Time-To-Hire im Personalbereich

18. Sep 2014 | 0 Kommentare

Time to Hire

Time-to-Hire im Personalbereich

Auch im HR Bereich gibt es Möglichkeiten, durch Controlling KPI’s auszuwerten und so die Leistungen des Unternehmens zu verbessern. Das Problem ist jedoch, dass HR in Unternehmen oft nicht als erfolgssteigernder Bereich ernst genommen wird. Deshalb wird auch das Controlling in diesem Bereich vernachlässigt. Was dadurch für enorme Kosten entstehen können, ist Unternehmen oft nicht bewusst. Auch im Recruiting gibt es wichtige Kennzahlen, die einen großen Einfluss auf den Erfolg eines Unternehmens haben können. Eine der wichtigsten, die Time-To-Hire, möchten wir Ihnen in diesem Beitrag gern vorstellen.

 

Was ist die Time-To-Hire?

Eine einheitliche Definition der Time-To-Hire gibt es nicht. Oft wird sie jedoch als der Zeitraum zwischen Ausschreibung und Besetzung einer Vakanz verstanden.
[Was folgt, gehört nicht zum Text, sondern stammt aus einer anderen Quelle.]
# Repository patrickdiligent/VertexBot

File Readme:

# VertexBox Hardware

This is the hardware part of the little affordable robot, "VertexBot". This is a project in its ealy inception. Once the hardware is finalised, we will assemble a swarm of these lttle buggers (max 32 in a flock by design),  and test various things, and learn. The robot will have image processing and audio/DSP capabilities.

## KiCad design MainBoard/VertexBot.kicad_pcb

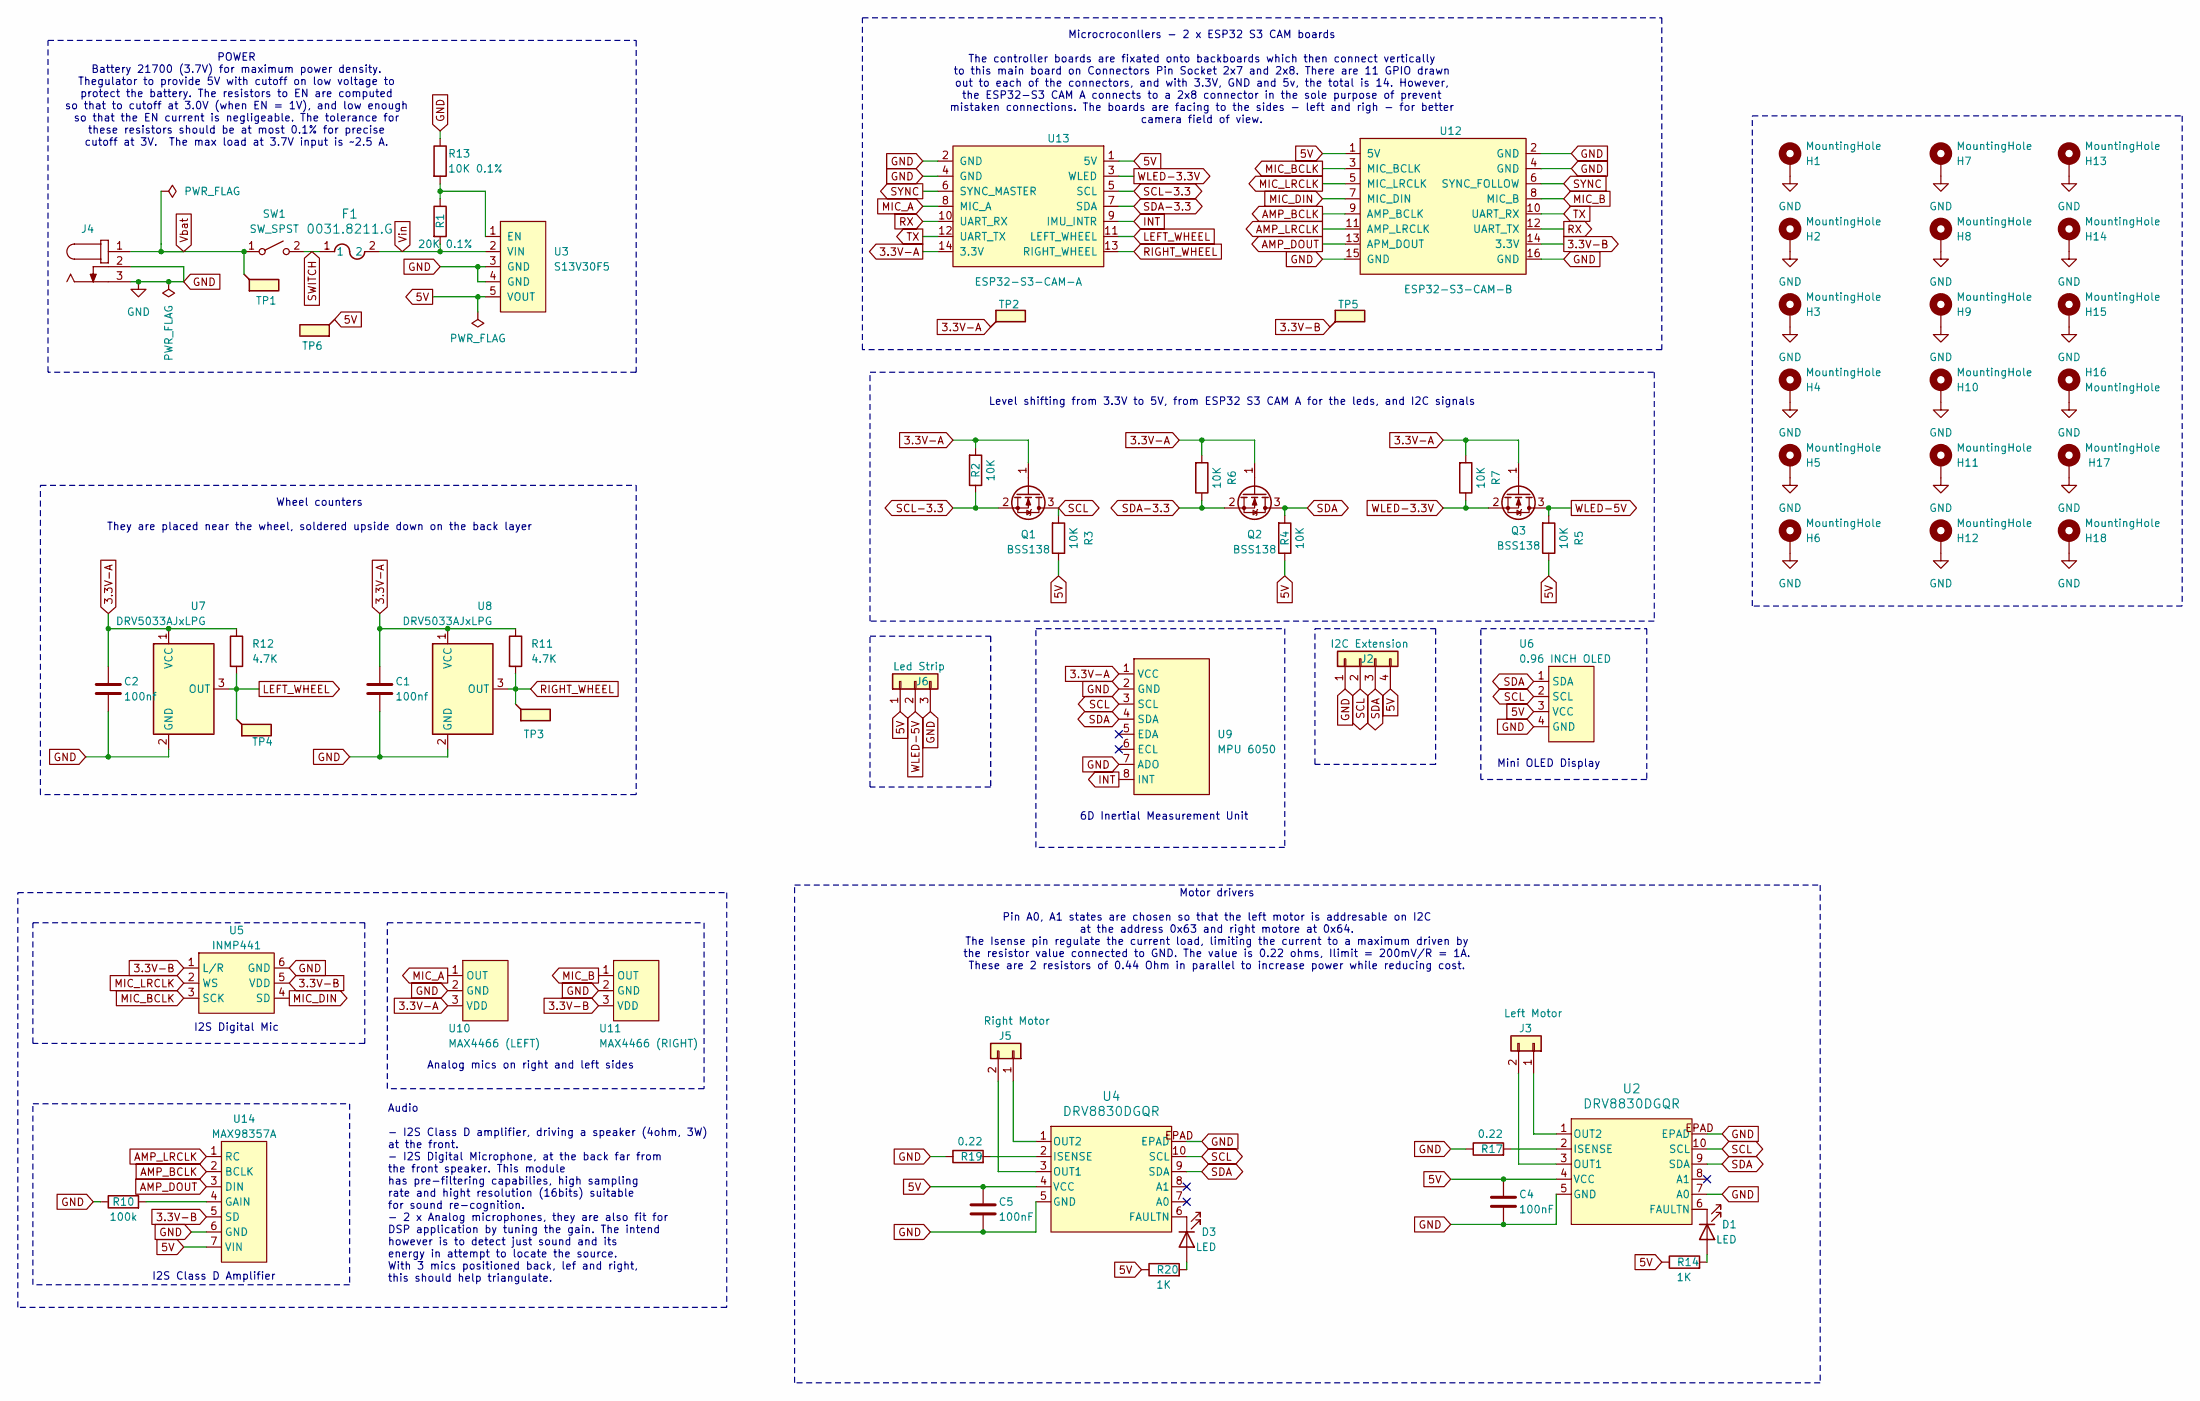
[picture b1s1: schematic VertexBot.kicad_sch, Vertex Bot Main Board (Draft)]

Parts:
C1, C2: 100nf; C_0603_1608Metric_Pad1.08x0.95mm_HandSolder; LCSC Part # C343025
C4, C5: 100nF; C_0603_1608Metric_Pad1.08x0.95mm_HandSolder; LCSC Part # C343025
D1, D3: LED; LED_0805_2012Metric_Pad1.15x1.40mm_HandSolder; LCSC Part # C264416
F1: 0031.8211.G; FUSE_0031.8211_SCH
H1, H2, H3, H4, H5, H6, H7, H8, H9, H10, H11, H12, H13, H14, H15, H16, H17, H18: MountingHole; MountingHole_3.5mm_Pad
J2: I2C Extension; PinHeader_1x04_P2.54mm_Vertical
J3: Left Motor; JST_PH_S2B-PH-K_1x02_P2.00mm_Horizontal
J4: 694106301002; J_Wurth_WR-DC_694106301002; Working Voltage (V (DC)) 30; Part Number 694106301002
J5: Right Motor; JST_PH_S2B-PH-K_1x02_P2.00mm_Horizontal
J6: Led Strip; JST_PH_B3B-PH-K_1x03_P2.00mm_Vertical
Q1, Q2, Q3: BSS138; SOT-23
R1: 20K 0.1%; R_0603_1608Metric_Pad0.98x0.95mm_HandSolder
R2, R3, R4, R5, R6, R7: 10K; R_0603_1608Metric_Pad0.98x0.95mm_HandSolder; LCSC Part # C15401
R10: 100k; R_0603_1608Metric_Pad0.98x0.95mm_HandSolder; LCSC Part # C15458
R11, R12: 4.7K; R_0603_1608Metric_Pad0.98x0.95mm_HandSolder; LCSC Part # C2784998
R13: 10K 0.1%; R_0603_1608Metric_Pad0.98x0.95mm_HandSolder; LCSC Part # C413738
R14, R20: 1K; R_0603_1608Metric_Pad0.98x0.95mm_HandSolder; LCSC Part # C2774267
R17, R19: 0.22; R_2512_6332Metric_Pad1.40x3.35mm_HandSolder; LCSC Part # C49655446
SW1: SW_SPST; L101011MS02Q
TP1, TP2, TP3, TP4, TP5, TP6: TestPoint_Flag; TestPoint_Pad_3.0x3.0mm
U2, U4: DRV8830DGQR; DGQ10_2P18X1P72; LCSC Part # C127591
U3: S13V30F5; S13V30F5_HORIZONTAL
U5: INMP441
U6: 0.96 INCH OLED; OLED_0_96_INCH
U7, U8: DRV5033AJxLPG; TO-92Flat; LCSC Part # C201608
U9: MPU 6050; MPU6050
U10: MAX4466 (LEFT); MAX4466_HORIZONTAL
U11: MAX4466 (RIGHT); MAX4466_HORIZONTAL
U12: ESP32-S3-CAM-B; CAM_B_BOARD_VERTICAL
U13: ESP32-S3-CAM-A; CAM_A_BOARD_VERTICAL
U14: MAX98357A; MAX98357

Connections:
3.3V-A: C1.1, C2.1, Q1.1 (G), Q2.1 (G), Q3.1 (G), R2.2, R6.2, R7.2, R11.1, R12.1, TP2.1, U7.1 (VCC), U8.1 (VCC), U9.1 (VCC), U10.3 (VDD), U13.14 (3.3V)
3.3V-B: TP5.1, U5.1 (L/R), U5.5 (VDD), U11.3 (VDD), U12.14 (3.3V), U14.5 (SD)
5V: C4.1, C5.1, J2.4, J6.1, R3.1, R4.1, R5.1, R14.1, R20.1, TP6.1, U2.4 (VCC), U3.5 (VOUT), U4.4 (VCC), U6.3 (VCC), U12.1 (5V), U13.1 (5V), U14.7 (VIN)
AMP_BCLK: U12.9 (AMP_BCLK), U14.2 (BCLK)
AMP_DOUT: U12.13 (APM_DOUT), U14.3 (DIN)
AMP_LRCLK: U12.11 (AMP_LRCLK), U14.1 (RC)
GND: C1.2, C2.2, C4.2, C5.2, H1.1, H2.1, H3.1, H4.1, H5.1, H6.1, H7.1, H8.1, H9.1, H10.1, H11.1, H12.1, H13.1, H14.1, H15.1, H16.1, H17.1, H18.1, J2.1, J4.2, J4.3, J6.3, R10.1, R13.1, R17.1, R19.1, U2.5 (GND), U2.7 (A0), U2.EPAD, U2.V, U3.3 (GND), U3.4 (GND), U4.5 (GND), U4.EPAD, U4.V, U5.6 (GND), U6.4 (GND), U7.2 (GND), U8.2 (GND), U9.2 (GND), U9.7 (ADO), U10.2 (GND), U11.2 (GND), U12.2 (GND), U12.4 (GND), U12.15 (GND), U12.16 (GND), U13.2 (GND), U13.4 (GND), U14.6 (GND)
INT: U9.8 (INT), U13.9 (IMU_INTR)
LEFT_WHEEL: R12.2, TP4.1, U7.3 (OUT), U13.11 (LEFT_WHEEL)
MIC_A: U10.1 (OUT), U13.8 (MIC_A)
MIC_B: U11.1 (OUT), U12.8 (MIC_B)
MIC_BCLK: U5.3 (SCK), U12.3 (MIC_BCLK)
MIC_DIN: U5.4 (SD), U12.7 (MIC_DIN)
MIC_LRCLK: U5.2 (WS), U12.5 (MIC_LRCLK)
unnamed: D1.2 (A), R14.2
unnamed: D1.1 (K), U2.6 (FAULTN)
unnamed: D3.2 (A), R20.2
unnamed: D3.1 (K), U4.6 (FAULTN)
unnamed: J3.1, U2.1 (OUT2)
unnamed: J3.2, U2.3 (OUT1)
unnamed: J5.1, U4.1 (OUT2)
unnamed: J5.2, U4.3 (OUT1)
unnamed: R17.2, U2.2 (ISENSE)
unnamed: R1.1, R13.2, U3.1 (EN)
unnamed: R19.2, U4.2 (ISENSE)
unnamed: R10.2, U14.4 (GAIN)
RIGHT_WHEEL: R11.2, TP3.1, U8.3 (OUT), U13.13 (RIGHT_WHEEL)
RX: U12.12 (UART_TX), U13.10 (UART_RX)
SCL: J2.2, Q1.3 (D), R3.2, U2.10 (SCL), U4.10 (SCL), U6.2 (SCL), U9.3 (SCL)
SCL-3.3: Q1.2 (S), R2.1, U13.5 (SCL)
SDA: J2.3, Q2.3 (D), R4.2, U2.9 (SDA), U4.9 (SDA), U6.1 (SDA), U9.4 (SDA)
SDA-3.3: Q2.2 (S), R6.1, U13.7 (SDA)
SWITCH: F1.1, SW1.2 (B)
SYNC: U12.6 (SYNC_FOLLOW), U13.6 (SYNC_MASTER)
TX: U12.10 (UART_RX), U13.12 (UART_TX)
Vbat: J4.1, SW1.1 (A), TP1.1
Vin: F1.2, R1.2, U3.2 (VIN)
WLED-3.3V: Q3.2 (S), R7.1, U13.3 (WLED)
WLED-5V: J6.2, Q3.3 (D), R5.2

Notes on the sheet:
Wheel counters They are placed near the wheel, soldered upside down on the back layer
Audio - I2S Class D amplifier, driving a speaker (4ohm, 3W) at the front. - I2S Digital Microphone, at the back far from the front speaker. This module has pre-filtering capabilies, high sampling rate and hight resolution (16bits) suitable for sound re-cognition. - 2 x Analog microphones, they are 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
Analog mics on right and left sides
POWER Battery 21700 (3.7V) for maximum power density. Thegulator to provide 5V with cutoff on low voltage to protect the battery. The resistors to EN are computed so that to cutoff at 3.0V (when EN = 1V), and low enough so that the EN current is negligeable. The tolerance for these resistors should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
Level shifting from 3.3V to 5V, from ESP32 S3 CAM A for the leds, and I2C signals
I2S Class D Amplifier
Microcroconllers - 2 x ESP32 S3 CAM boards The controller boards are fixated onto backboards which then connect vertically to this main board on Connectors Pin Socket 2x7 and 2x8. There are 11 GPIO drawn out to each of the connectors, and with 3.3V, GND and 5v, the total is 14. However, the ESP32-S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
Motor drivers Pin A0, A1 states are chosen so that the left motor is addresable on I2C at the address 0x63 and right motore at 0x64. The Isense pin regulate the current load, limiting the current to a maximum driven by the resistor value connected to GND. The value is 0.22 ohms, Ilimit = 200mV/R = 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
Mini OLED Display
I2S Digital Mic
6D Inertial Measurement Unit

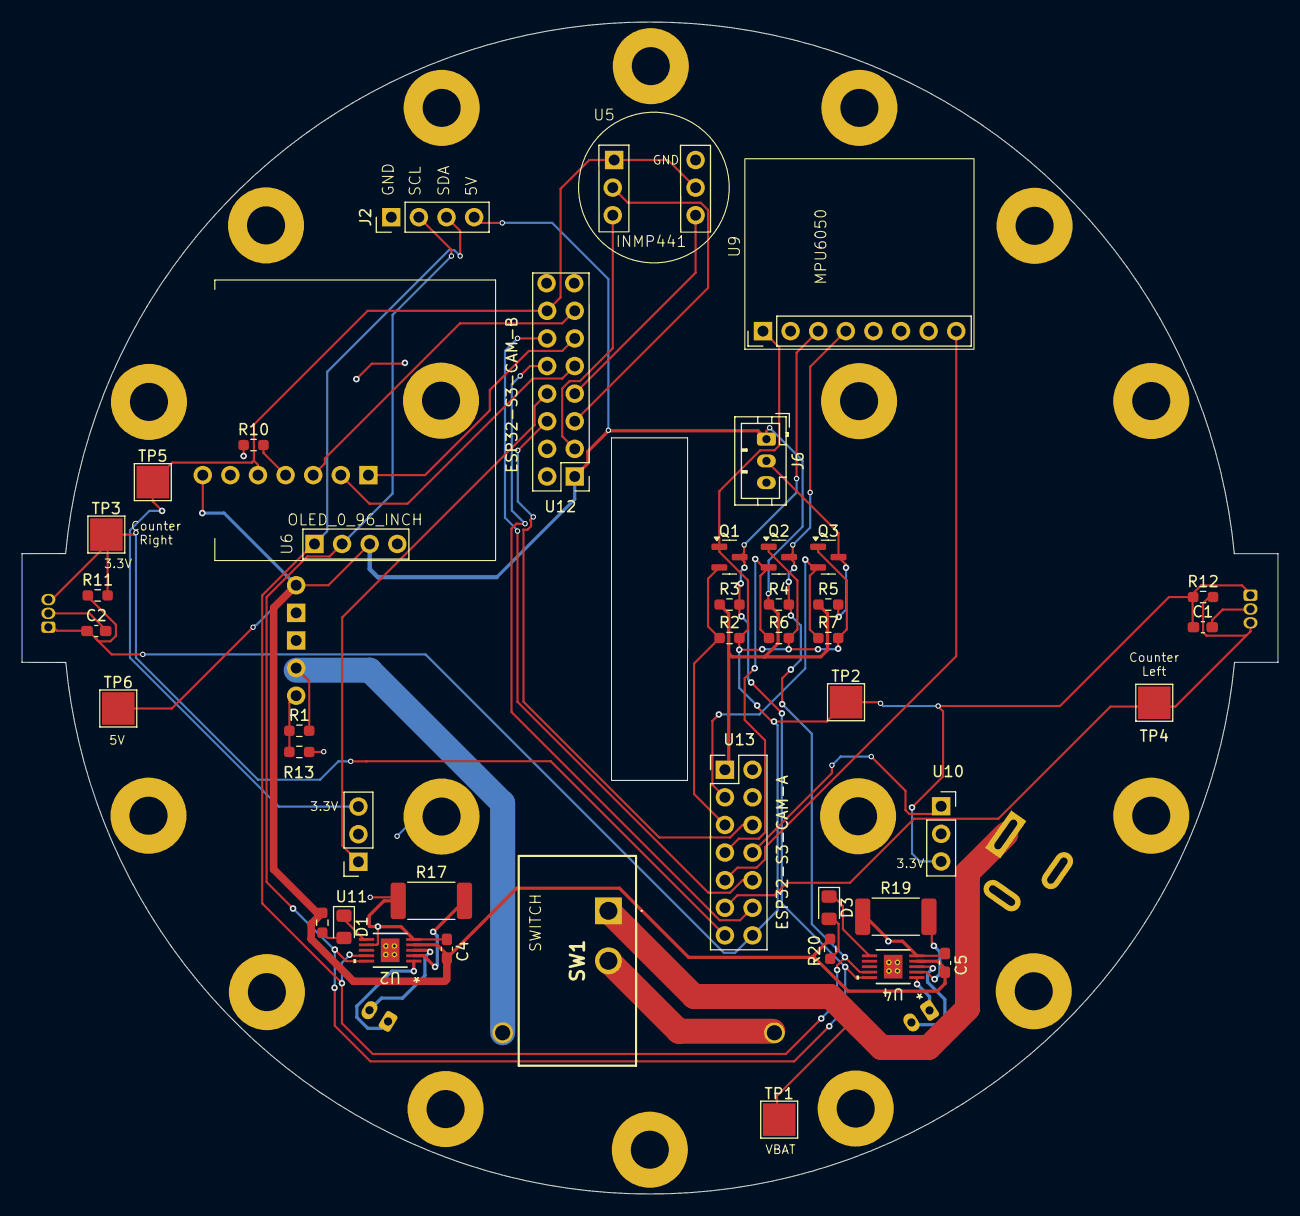
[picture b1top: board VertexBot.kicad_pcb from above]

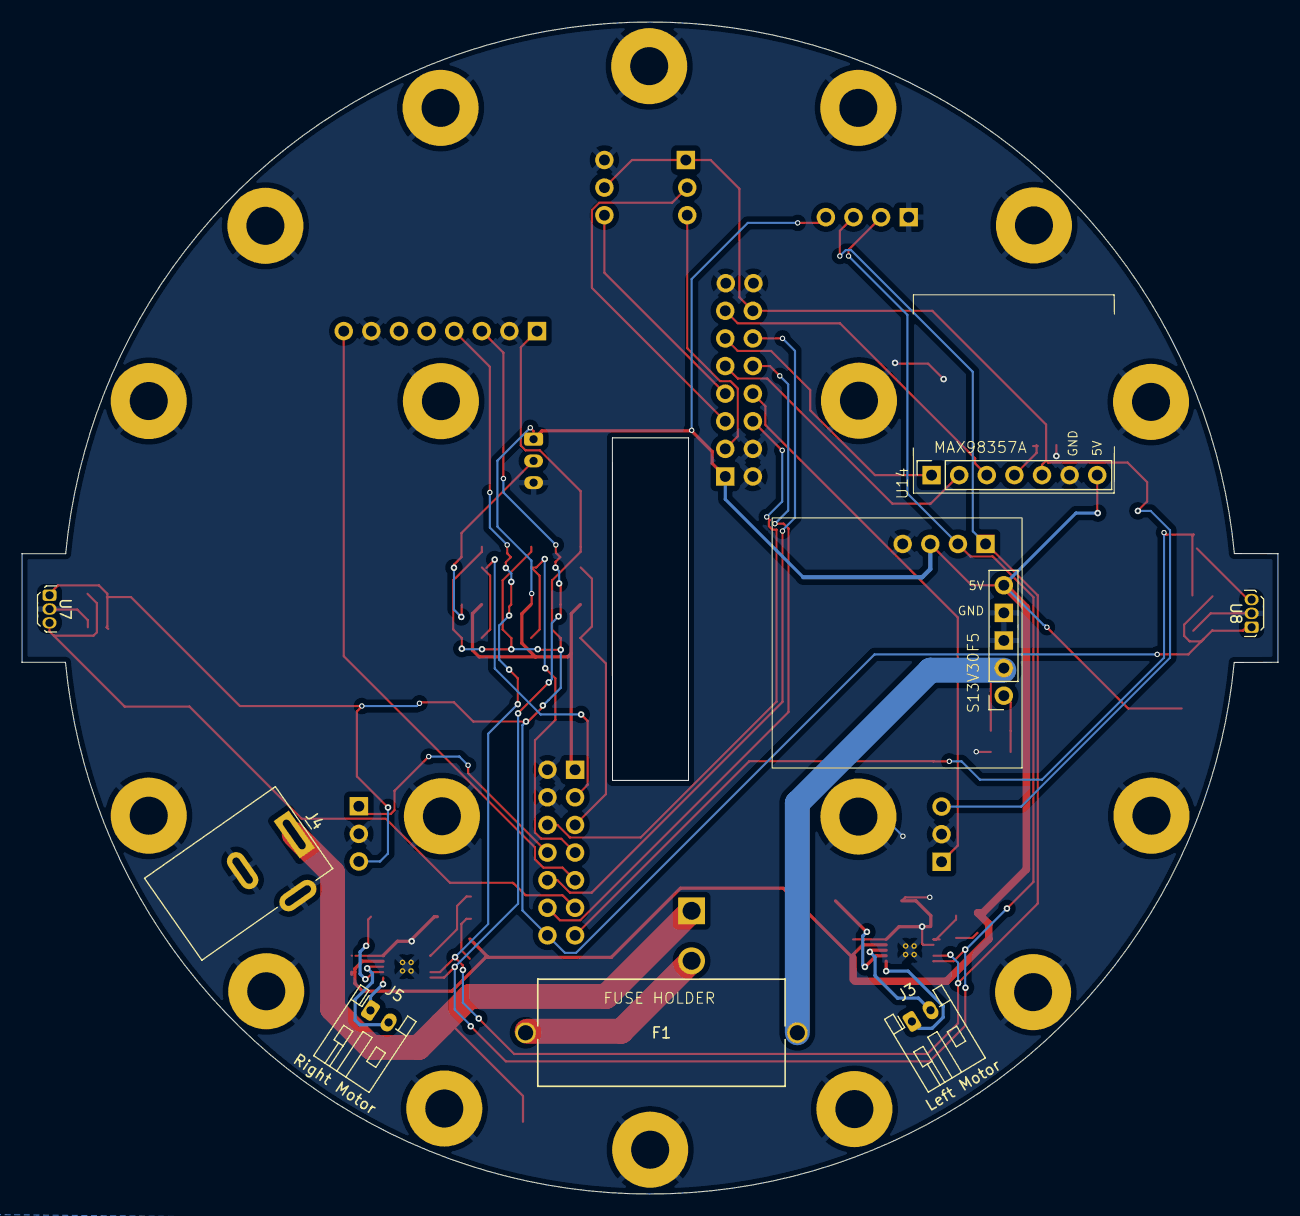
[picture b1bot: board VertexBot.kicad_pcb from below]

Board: 2 copper layers, 115.6 x 107.8 mm, 68 parts (8 on the bottom side), 39 nets.

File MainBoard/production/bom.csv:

Designator,Footprint,Quantity,Value,LCSC Part #
"C1, C2, C4, C5",0603,4,100nf,C343025
"D1, D3",0805,2,LED,C264416
"Q1, Q2, Q3",SOT-23,3,BSS138,
R1,0603,1,20K 0.1%,
R10,0603,1,100k,C15458
"R11, R12",0603,2,4.7K,C2784998 
R13,0603,1,10K 0.1%,C413738
"R14, R20",0603,2,1K,C2774267
"R17, R19",2512,2,0.22,C49655446
"R2, R3, R4, R5, R6, R7",0603,6,10K,C15401
"TP1, TP2, TP3, TP4, TP5, TP6",TestPoint_Pad_3.0x3.0mm,6,TestPoint_Flag,
"U2, U4",DGQ10_2P18X1P72,2,DRV8830DGQR,C127591
"U7, U8",TO-92Flat,2,DRV5033AJxLPG,C201608

Zwischen der Erkenntnis, dass eine Stelle zu besetzen ist und der Besetzung dieser Stelle gibt es jedoch mehrere Stationen, die durchlaufen werden müssen. Zunächst muss natürlich ein Profil der Stelle erstellt, also Anforderungen und Aufgabengebiete festgelegt werden. Dazu ist eine genaue Absprache zwischen HR und der Fachabteilung nötig. Wenn das Stellenprofil fertig ist, muss die Anzeige geschaltet und auf den richtigen Kanälen gestreut werden, um auch passende Bewerber zu erreichen. Natürlich ist es möglich, die Suche nach dem richtigen Bewerber zusätzlich auch durch Active Sourcing Methoden voranzutreiben. Wenn dann einige passende Bewerbungen eingetroffen sind, werden intern die besten Bewerber ausgewählt und zu Gesprächen eingeladen. Erst wenn die interne Evaluierung abgeschlossen ist und dann auch noch Bewerber sich für das Unternehmen entscheidet, kann der Vertrag abgeschlossen und die Stelle besetzt werden. Da diese Stationen jeweils einige Vorlaufzeit benötigen, muss dementsprechend langfristig geplant werden.

Welche Auswirkungen hat sie?

Erst mit Arbeitsbeginn des neuen Mitarbeiters wird auch die Kennzahl Time-To-Hire geschlossen. Sobald eine Vakanz vorhanden ist, entstehen dadurch Kosten. Zunächst natürlich für die Suche nach einem neuen Mitarbeiter. Nicht vergessen werden darf jedoch, dass durch eine nicht besetzte Stelle enorme Kosten innerhalb der Abteilung entstehen können. Produktionsausfälle oder fehlende Kundebetreuung sind nur einige Beispiele.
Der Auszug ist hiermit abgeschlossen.